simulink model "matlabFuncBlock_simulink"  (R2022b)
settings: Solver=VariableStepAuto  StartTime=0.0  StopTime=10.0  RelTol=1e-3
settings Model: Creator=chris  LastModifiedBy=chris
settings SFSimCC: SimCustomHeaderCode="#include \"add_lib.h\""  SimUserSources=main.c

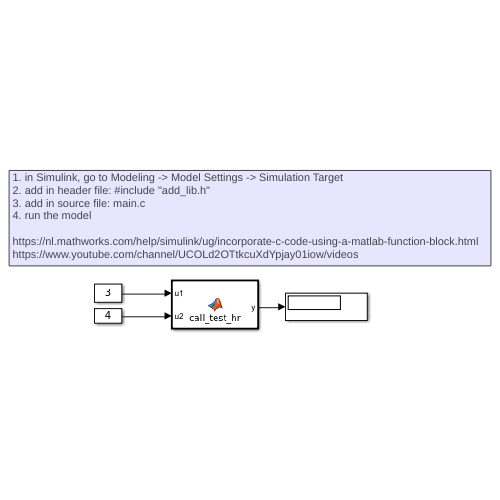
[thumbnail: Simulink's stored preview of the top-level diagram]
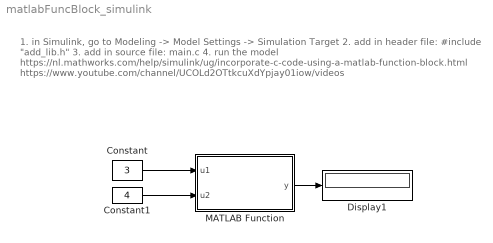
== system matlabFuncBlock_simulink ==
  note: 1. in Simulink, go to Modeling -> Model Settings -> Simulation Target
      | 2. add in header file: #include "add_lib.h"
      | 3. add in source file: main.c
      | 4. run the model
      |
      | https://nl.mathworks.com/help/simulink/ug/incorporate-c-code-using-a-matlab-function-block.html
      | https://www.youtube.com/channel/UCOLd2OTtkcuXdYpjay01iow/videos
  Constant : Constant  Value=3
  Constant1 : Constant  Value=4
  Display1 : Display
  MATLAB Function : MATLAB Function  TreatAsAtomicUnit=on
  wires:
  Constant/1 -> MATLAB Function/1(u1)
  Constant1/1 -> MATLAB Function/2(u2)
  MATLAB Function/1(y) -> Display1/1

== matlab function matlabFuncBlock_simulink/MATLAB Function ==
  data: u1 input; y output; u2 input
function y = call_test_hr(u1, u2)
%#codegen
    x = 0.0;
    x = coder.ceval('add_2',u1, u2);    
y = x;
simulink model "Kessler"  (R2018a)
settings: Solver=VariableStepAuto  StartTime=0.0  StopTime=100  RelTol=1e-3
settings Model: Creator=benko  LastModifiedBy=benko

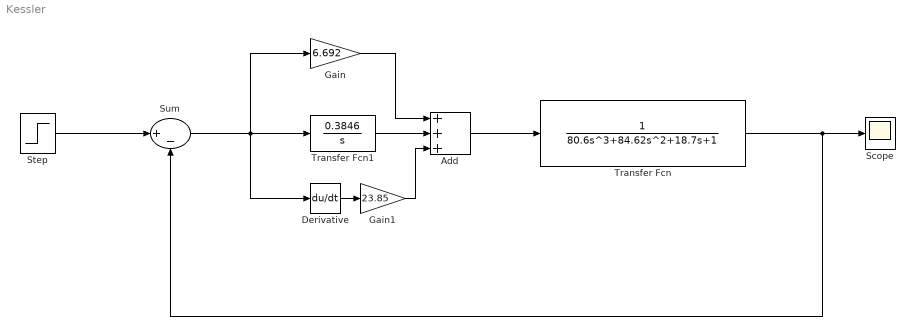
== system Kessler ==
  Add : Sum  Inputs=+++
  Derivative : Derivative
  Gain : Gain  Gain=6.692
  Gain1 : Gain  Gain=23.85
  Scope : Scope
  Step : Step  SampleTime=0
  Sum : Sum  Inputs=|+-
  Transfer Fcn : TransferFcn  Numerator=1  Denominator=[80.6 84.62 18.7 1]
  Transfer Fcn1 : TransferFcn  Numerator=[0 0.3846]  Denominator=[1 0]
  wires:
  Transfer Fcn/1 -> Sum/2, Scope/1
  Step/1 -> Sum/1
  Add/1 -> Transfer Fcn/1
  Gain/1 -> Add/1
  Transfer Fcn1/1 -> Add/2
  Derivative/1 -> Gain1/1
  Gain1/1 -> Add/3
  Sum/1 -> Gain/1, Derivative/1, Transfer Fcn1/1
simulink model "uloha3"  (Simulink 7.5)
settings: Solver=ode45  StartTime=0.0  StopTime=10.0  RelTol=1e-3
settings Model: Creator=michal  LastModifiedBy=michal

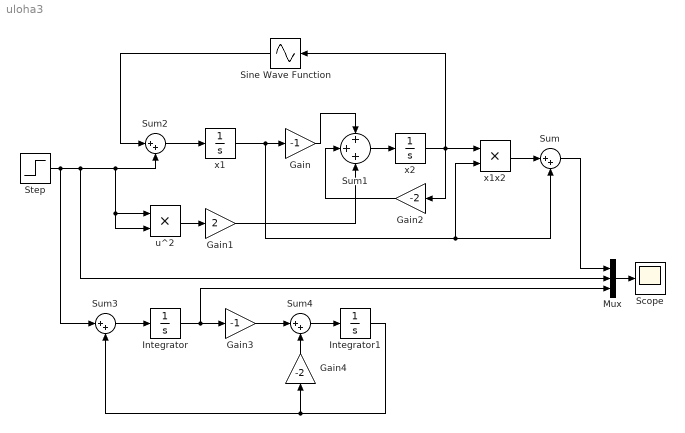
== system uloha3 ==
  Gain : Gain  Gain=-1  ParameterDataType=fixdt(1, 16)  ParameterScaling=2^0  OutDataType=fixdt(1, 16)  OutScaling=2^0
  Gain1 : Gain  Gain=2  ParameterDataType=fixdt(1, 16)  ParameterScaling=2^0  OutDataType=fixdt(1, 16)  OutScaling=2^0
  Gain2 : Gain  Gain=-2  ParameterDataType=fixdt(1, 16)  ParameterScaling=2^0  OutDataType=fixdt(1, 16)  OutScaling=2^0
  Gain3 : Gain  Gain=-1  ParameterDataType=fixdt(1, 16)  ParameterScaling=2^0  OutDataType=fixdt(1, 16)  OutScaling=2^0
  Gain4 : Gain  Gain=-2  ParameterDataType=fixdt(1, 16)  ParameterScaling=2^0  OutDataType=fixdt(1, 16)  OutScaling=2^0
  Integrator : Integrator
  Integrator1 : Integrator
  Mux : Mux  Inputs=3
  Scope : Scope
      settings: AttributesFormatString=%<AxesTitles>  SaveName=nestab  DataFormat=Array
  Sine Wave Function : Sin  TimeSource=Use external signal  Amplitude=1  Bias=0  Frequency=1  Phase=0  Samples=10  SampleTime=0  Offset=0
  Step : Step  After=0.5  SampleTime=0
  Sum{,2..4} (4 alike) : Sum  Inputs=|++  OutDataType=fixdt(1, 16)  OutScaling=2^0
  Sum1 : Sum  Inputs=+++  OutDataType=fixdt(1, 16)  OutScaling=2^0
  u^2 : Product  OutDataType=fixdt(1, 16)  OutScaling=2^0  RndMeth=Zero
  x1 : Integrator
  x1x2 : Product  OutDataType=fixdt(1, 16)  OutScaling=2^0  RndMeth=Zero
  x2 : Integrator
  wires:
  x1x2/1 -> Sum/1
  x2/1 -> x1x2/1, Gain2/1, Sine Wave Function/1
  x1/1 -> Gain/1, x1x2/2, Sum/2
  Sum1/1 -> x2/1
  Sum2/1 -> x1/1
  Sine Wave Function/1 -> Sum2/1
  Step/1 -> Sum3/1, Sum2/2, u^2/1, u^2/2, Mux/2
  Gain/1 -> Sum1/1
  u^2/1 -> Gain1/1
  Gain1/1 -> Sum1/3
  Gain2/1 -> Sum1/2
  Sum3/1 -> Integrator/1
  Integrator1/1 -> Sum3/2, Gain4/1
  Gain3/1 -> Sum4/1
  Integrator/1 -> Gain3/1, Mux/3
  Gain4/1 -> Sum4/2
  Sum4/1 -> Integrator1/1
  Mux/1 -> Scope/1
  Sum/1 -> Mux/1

-----

## [Instructions to follow]
Extract the entries in full, exactly as they are, minus the pictures.

## [Solution to this exercise]
simulink model "matlabFuncBlock_simulink"  (R2022b)
settings: Solver=VariableStepAuto  StartTime=0.0  StopTime=10.0  RelTol=1e-3
settings Model: Creator=chris  LastModifiedBy=chris
settings SFSimCC: SimCustomHeaderCode="#include \"add_lib.h\""  SimUserSources=main.c

[thumbnail: Simulink's stored preview of the top-level diagram]
== system matlabFuncBlock_simulink ==
  note: 1. in Simulink, go to Modeling -> Model Settings -> Simulation Target
      | 2. add in header file: #include "add_lib.h"
      | 3. add in source file: main.c
      | 4. run the model
      |
      | https://nl.mathworks.com/help/simulink/ug/incorporate-c-code-using-a-matlab-function-block.html
      | https://www.youtube.com/channel/UCOLd2OTtkcuXdYpjay01iow/videos
  Constant : Constant  Value=3
  Constant1 : Constant  Value=4
  Display1 : Display
  MATLAB Function : MATLAB Function  TreatAsAtomicUnit=on
  wires:
  Constant/1 -> MATLAB Function/1(u1)
  Constant1/1 -> MATLAB Function/2(u2)
  MATLAB Function/1(y) -> Display1/1

== matlab function matlabFuncBlock_simulink/MATLAB Function ==
  data: u1 input; y output; u2 input
function y = call_test_hr(u1, u2)
%#codegen
    x = 0.0;
    x = coder.ceval('add_2',u1, u2);    
y = x;
simulink model "Kessler"  (R2018a)
settings: Solver=VariableStepAuto  StartTime=0.0  StopTime=100  RelTol=1e-3
settings Model: Creator=benko  LastModifiedBy=benko

== system Kessler ==
  Add : Sum  Inputs=+++
  Derivative : Derivative
  Gain : Gain  Gain=6.692
  Gain1 : Gain  Gain=23.85
  Scope : Scope
  Step : Step  SampleTime=0
  Sum : Sum  Inputs=|+-
  Transfer Fcn : TransferFcn  Numerator=1  Denominator=[80.6 84.62 18.7 1]
  Transfer Fcn1 : TransferFcn  Numerator=[0 0.3846]  Denominator=[1 0]
  wires:
  Transfer Fcn/1 -> Sum/2, Scope/1
  Step/1 -> Sum/1
  Add/1 -> Transfer Fcn/1
  Gain/1 -> Add/1
  Transfer Fcn1/1 -> Add/2
  Derivative/1 -> Gain1/1
  Gain1/1 -> Add/3
  Sum/1 -> Gain/1, Derivative/1, Transfer Fcn1/1
simulink model "uloha3"  (Simulink 7.5)
settings: Solver=ode45  StartTime=0.0  StopTime=10.0  RelTol=1e-3
settings Model: Creator=michal  LastModifiedBy=michal

== system uloha3 ==
  Gain : Gain  Gain=-1  ParameterDataType=fixdt(1, 16)  ParameterScaling=2^0  OutDataType=fixdt(1, 16)  OutScaling=2^0
  Gain1 : Gain  Gain=2  ParameterDataType=fixdt(1, 16)  ParameterScaling=2^0  OutDataType=fixdt(1, 16)  OutScaling=2^0
  Gain2 : Gain  Gain=-2  ParameterDataType=fixdt(1, 16)  ParameterScaling=2^0  OutDataType=fixdt(1, 16)  OutScaling=2^0
  Gain3 : Gain  Gain=-1  ParameterDataType=fixdt(1, 16)  ParameterScaling=2^0  OutDataType=fixdt(1, 16)  OutScaling=2^0
  Gain4 : Gain  Gain=-2  ParameterDataType=fixdt(1, 16)  ParameterScaling=2^0  OutDataType=fixdt(1, 16)  OutScaling=2^0
  Integrator : Integrator
  Integrator1 : Integrator
  Mux : Mux  Inputs=3
  Scope : Scope
      settings: AttributesFormatString=%<AxesTitles>  SaveName=nestab  DataFormat=Array
  Sine Wave Function : Sin  TimeSource=Use external signal  Amplitude=1  Bias=0  Frequency=1  Phase=0  Samples=10  SampleTime=0  Offset=0
  Step : Step  After=0.5  SampleTime=0
  Sum{,2..4} (4 alike) : Sum  Inputs=|++  OutDataType=fixdt(1, 16)  OutScaling=2^0
  Sum1 : Sum  Inputs=+++  OutDataType=fixdt(1, 16)  OutScaling=2^0
  u^2 : Product  OutDataType=fixdt(1, 16)  OutScaling=2^0  RndMeth=Zero
  x1 : Integrator
  x1x2 : Product  OutDataType=fixdt(1, 16)  OutScaling=2^0  RndMeth=Zero
  x2 : Integrator
  wires:
  x1x2/1 -> Sum/1
  x2/1 -> x1x2/1, Gain2/1, Sine Wave Function/1
  x1/1 -> Gain/1, x1x2/2, Sum/2
  Sum1/1 -> x2/1
  Sum2/1 -> x1/1
  Sine Wave Function/1 -> Sum2/1
  Step/1 -> Sum3/1, Sum2/2, u^2/1, u^2/2, Mux/2
  Gain/1 -> Sum1/1
  u^2/1 -> Gain1/1
  Gain1/1 -> Sum1/3
  Gain2/1 -> Sum1/2
  Sum3/1 -> Integrator/1
  Integrator1/1 -> Sum3/2, Gain4/1
  Gain3/1 -> Sum4/1
  Integrator/1 -> Gain3/1, Mux/3
  Gain4/1 -> Sum4/2
  Sum4/1 -> Integrator1/1
  Mux/1 -> Scope/1
  Sum/1 -> Mux/1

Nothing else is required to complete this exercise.